What this task involves
Give a single number in reply. It is the count of lines below that contain the string "licenses".

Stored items
=-=-=-=-=

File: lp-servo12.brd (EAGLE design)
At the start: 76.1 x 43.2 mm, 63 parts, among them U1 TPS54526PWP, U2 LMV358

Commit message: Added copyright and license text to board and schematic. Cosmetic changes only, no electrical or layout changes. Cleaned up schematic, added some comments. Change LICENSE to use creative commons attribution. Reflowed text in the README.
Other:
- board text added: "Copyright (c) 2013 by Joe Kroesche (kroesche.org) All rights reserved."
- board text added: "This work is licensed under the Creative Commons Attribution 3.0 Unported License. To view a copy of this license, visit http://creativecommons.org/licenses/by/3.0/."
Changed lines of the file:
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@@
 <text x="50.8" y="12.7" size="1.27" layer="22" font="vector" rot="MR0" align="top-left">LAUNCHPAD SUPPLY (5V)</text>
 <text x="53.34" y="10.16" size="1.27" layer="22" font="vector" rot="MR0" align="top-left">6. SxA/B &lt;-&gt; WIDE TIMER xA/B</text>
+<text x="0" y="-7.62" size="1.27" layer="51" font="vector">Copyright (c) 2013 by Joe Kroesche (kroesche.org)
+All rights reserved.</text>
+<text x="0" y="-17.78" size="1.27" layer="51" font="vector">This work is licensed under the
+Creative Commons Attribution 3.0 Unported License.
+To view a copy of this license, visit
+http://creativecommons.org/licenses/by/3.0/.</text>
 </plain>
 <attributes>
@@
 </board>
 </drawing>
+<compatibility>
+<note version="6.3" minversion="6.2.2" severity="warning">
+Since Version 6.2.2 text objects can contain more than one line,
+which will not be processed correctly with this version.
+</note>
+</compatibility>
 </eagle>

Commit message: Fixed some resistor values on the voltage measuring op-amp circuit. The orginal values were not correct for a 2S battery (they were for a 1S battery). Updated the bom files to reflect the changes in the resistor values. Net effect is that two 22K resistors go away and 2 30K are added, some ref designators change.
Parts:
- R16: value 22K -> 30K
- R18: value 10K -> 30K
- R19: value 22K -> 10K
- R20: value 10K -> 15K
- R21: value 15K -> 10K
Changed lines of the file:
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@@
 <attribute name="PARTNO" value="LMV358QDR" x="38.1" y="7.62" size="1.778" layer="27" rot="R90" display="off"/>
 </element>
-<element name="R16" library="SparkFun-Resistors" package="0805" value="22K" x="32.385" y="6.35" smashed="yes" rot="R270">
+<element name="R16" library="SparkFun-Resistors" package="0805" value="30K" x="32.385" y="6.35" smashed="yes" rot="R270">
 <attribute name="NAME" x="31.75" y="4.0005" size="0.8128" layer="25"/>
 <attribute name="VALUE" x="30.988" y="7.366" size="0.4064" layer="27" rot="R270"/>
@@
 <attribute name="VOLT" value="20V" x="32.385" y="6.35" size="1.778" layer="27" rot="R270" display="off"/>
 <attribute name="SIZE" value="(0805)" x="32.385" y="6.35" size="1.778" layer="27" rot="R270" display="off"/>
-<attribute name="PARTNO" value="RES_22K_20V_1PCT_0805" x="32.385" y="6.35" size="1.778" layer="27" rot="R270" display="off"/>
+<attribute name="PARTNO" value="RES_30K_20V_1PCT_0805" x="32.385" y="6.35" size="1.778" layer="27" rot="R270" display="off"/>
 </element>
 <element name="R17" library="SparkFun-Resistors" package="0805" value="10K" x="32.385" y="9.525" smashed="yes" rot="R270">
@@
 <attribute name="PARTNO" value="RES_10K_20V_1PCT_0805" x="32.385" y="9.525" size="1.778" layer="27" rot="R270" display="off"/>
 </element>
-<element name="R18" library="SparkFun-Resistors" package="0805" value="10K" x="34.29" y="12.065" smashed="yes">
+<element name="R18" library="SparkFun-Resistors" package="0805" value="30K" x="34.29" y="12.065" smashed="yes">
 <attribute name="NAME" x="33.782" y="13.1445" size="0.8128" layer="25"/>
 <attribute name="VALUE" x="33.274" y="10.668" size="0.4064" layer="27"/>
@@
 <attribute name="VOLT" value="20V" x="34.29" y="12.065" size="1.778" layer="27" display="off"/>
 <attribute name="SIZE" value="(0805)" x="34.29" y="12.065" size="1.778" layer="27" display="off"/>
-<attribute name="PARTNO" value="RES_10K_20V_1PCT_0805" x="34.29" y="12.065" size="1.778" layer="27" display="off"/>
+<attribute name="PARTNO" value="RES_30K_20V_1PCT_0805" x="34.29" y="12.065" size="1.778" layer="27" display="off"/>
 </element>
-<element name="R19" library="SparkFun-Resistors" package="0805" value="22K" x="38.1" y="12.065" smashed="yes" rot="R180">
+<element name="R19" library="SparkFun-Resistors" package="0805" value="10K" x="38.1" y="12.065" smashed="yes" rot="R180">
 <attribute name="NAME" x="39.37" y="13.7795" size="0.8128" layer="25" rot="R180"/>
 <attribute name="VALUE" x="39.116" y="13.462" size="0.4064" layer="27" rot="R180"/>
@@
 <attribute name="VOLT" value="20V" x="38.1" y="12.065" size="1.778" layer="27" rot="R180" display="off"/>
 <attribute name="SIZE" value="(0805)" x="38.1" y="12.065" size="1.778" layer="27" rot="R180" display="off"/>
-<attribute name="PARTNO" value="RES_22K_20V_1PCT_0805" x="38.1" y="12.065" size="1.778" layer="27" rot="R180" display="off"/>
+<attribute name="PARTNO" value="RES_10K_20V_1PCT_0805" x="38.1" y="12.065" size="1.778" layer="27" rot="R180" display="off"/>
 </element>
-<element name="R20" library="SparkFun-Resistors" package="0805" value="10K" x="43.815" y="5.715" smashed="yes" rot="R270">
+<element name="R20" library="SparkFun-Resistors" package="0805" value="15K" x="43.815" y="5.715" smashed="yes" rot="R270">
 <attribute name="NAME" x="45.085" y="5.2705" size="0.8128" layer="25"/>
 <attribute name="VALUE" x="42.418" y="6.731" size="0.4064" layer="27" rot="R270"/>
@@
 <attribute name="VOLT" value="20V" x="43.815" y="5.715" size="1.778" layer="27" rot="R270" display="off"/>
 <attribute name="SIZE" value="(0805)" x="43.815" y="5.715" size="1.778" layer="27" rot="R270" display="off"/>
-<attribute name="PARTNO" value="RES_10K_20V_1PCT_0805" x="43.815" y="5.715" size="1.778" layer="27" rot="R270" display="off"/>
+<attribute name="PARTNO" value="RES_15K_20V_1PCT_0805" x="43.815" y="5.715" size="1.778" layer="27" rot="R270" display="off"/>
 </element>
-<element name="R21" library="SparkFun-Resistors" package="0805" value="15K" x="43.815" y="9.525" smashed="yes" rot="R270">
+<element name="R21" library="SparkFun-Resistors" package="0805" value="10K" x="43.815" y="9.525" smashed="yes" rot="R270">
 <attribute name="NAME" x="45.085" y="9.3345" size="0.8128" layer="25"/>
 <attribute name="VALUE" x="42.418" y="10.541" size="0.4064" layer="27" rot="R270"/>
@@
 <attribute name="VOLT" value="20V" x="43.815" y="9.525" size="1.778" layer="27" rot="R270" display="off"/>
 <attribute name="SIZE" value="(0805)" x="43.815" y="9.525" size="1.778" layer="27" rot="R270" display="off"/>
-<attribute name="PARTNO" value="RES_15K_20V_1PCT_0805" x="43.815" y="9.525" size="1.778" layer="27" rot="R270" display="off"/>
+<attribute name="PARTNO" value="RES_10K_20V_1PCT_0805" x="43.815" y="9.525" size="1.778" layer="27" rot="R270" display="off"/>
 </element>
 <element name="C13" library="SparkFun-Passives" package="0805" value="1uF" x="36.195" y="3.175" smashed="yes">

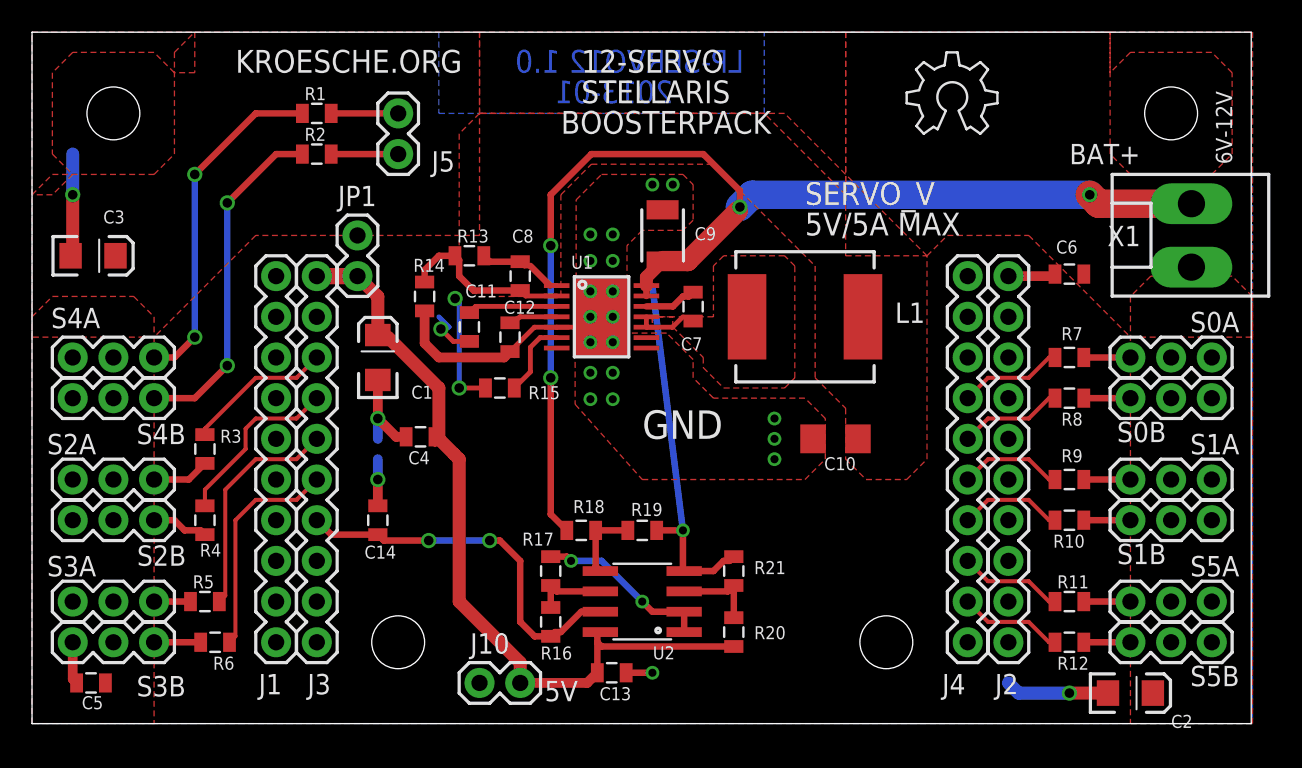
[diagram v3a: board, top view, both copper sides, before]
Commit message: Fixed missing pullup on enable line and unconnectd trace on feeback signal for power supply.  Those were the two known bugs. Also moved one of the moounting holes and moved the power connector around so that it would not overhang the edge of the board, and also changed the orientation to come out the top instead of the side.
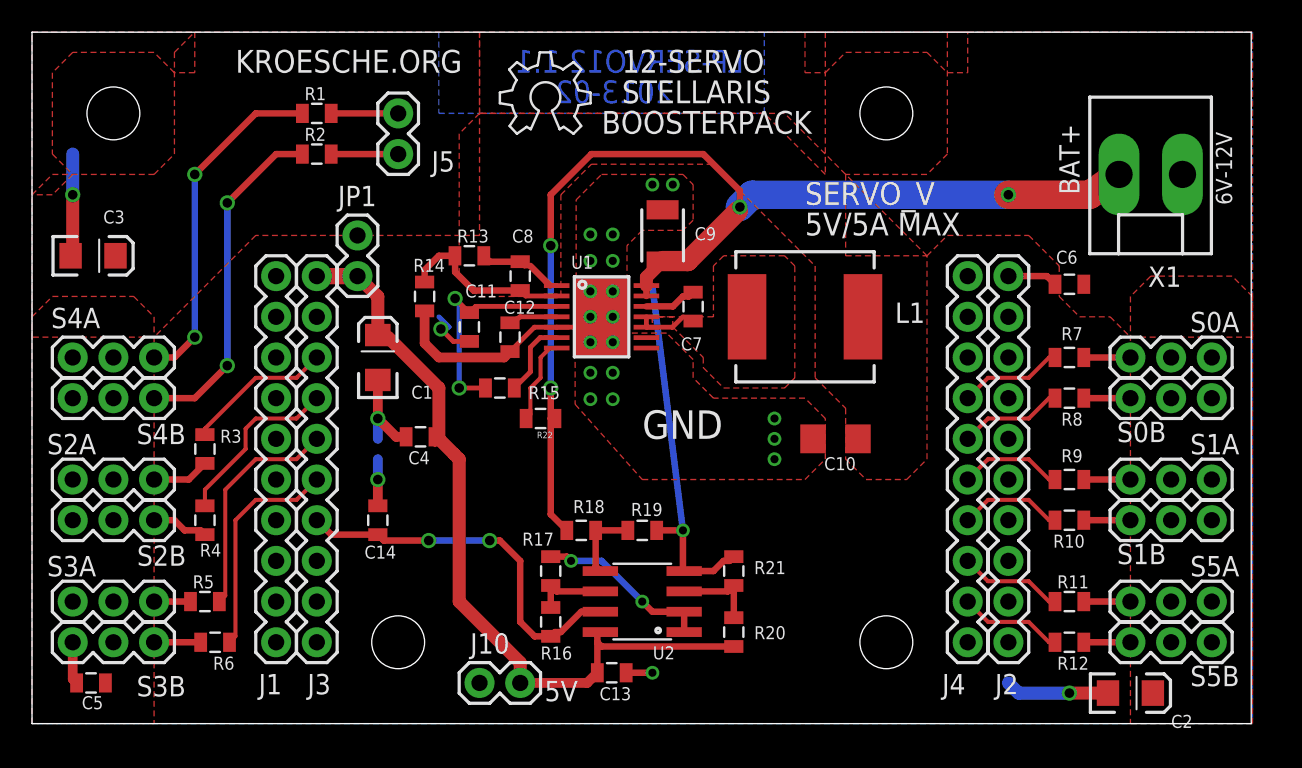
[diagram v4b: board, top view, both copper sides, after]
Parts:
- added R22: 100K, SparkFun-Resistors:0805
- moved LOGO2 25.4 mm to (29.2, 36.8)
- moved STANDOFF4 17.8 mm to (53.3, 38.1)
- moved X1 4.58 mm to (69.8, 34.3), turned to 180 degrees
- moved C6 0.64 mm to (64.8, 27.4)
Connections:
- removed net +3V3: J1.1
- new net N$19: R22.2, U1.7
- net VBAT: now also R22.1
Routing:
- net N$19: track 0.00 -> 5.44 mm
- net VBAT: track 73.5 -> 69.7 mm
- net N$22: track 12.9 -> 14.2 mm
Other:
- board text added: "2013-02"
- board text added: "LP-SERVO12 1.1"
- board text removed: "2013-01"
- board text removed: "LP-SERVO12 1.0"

=-=-=-=-=

Response to the exercise
2